BBB. Acresce que o critério adotado pelo Recorrido(e pelo Acórdão fundamento) não coloca em causa qualquer preceito constitucional. Desde logo, não é colocado em causa o princípio da igualdade uma vez que, como acima já referido, o sistema previdencial dos bancários é até mais favorável do que o regime geral da segurança social - cfr. Ac. do TC n.º 675/2005 – (diga-se, aliás, que este princípio determina que se trate de modo diferente o que é diferente, ou seja, manda tratar de forma diferente e proporcional as situações em que há diferentes valores de rendimentos de trabalho descontados nas contribuições e quotizações).

CCC. O princípio da confiança também não é posto em causa uma vez que com a forma de cálculo adotada pelo Recorrido e pelo Acórdão fundamento não há uma qualquer diminuição de proteção, sendo inclusivamente inteiramente respeitados os direitos em formação (cfr. artigo 66º da LBGSSS), sendo que relativamente ao trabalho prestado fora da Banca o Recorrente recebe integralmente aquilo que resulta dos seus descontos revalorizados

DDD. Também é respeitado o n.º 4 do artigo 63º da CRP. No método utilizado pelo Recorrido e pelo Acórdão fundamento o tempo dentro e fora da Banca não deixa de contribuir para a reforma, o tempo conta sempre e proporcionalmente quando (como é no método adotado pelo Recorrido) é considerada a carreira contributiva (que é expressa em descontos). Aliás, em momento algum a CRP refere que só o tempo deve ser considerado e que deverá ser ignorado o volume das contribuições.

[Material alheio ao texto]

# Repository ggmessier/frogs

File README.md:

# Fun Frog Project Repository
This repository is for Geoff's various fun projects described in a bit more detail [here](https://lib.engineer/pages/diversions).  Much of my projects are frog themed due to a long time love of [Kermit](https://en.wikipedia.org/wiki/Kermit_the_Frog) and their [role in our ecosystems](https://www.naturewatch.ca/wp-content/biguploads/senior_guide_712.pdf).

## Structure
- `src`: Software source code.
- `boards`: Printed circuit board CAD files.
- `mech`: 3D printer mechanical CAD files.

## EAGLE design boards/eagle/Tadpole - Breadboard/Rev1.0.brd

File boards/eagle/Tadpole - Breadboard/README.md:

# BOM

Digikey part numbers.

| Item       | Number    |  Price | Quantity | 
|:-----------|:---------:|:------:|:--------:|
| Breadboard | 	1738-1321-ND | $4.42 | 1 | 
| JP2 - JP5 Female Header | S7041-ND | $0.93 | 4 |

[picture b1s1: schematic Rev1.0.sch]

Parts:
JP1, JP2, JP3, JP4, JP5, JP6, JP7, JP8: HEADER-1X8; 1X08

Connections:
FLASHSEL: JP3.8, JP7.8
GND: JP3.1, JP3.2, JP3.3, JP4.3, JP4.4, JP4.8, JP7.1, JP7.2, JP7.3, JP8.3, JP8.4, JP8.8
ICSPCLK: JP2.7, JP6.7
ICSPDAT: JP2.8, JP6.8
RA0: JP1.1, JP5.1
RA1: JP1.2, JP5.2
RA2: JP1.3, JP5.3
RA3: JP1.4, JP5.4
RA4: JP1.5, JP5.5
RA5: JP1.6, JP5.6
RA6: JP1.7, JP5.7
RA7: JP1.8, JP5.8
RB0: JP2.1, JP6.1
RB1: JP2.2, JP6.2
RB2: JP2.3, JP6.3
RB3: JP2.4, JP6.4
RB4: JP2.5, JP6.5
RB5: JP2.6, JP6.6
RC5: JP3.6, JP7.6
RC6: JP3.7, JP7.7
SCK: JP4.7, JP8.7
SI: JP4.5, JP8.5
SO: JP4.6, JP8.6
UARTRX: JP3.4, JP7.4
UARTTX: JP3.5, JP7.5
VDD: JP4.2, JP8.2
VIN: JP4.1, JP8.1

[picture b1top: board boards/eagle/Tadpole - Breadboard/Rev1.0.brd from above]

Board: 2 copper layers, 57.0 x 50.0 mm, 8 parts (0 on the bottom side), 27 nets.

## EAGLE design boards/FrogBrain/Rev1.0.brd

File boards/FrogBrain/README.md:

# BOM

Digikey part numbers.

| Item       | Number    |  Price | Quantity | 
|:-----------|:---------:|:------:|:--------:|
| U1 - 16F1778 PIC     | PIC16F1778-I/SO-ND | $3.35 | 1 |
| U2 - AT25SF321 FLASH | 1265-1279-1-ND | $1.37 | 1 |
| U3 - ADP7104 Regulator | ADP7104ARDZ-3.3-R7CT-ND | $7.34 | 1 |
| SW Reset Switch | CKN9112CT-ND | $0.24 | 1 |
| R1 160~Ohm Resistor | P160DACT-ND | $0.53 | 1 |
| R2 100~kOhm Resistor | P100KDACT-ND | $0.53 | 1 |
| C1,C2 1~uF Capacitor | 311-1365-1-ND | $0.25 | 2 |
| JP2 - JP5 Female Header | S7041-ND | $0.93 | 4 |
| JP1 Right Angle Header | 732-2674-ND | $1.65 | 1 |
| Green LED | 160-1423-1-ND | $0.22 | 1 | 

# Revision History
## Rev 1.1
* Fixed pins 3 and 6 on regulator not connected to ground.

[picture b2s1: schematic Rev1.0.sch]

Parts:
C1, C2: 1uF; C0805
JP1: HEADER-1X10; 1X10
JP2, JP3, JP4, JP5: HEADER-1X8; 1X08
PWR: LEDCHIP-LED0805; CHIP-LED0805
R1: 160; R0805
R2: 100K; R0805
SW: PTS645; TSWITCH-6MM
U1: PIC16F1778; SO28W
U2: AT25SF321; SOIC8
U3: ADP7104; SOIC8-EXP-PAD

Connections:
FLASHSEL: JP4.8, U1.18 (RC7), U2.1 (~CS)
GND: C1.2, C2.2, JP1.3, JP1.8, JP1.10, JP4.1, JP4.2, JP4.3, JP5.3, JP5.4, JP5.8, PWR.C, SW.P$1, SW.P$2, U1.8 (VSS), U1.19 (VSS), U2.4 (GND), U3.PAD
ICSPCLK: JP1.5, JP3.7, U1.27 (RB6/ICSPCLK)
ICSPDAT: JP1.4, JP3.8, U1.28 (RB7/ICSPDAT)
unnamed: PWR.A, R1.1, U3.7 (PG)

EEE. Não se poderá igualmente ignorar que a Cláusula 94ª do ACT do Setor Bancário prevê uma regra que limita a responsabilidade das instituições bancárias, permitindo que esta corresponda apenas à diferença entre o valor dos benefícios pensionísticos pagos pela Segurança Social e o valor dos benefícios previstos no ACT.

FFF. Na cláusula 94ª não se refere “tempo”, mas sim “contribuições”, “valores” e “benefícios” referindo-se expressamente que a responsabilidade das instituições bancárias se limita a uma diferença entre o valor (e não tempo…) dos benefícios da segurança social e dos previstos no ACT do Setor Bancário. A cláusula 94ª do ACT impõe assim uma averiguação dos fatores de formação da pensão paga pelo sistema público para permitir apurar o que é imputável a cada um dos períodos (fora e dentro da Banca).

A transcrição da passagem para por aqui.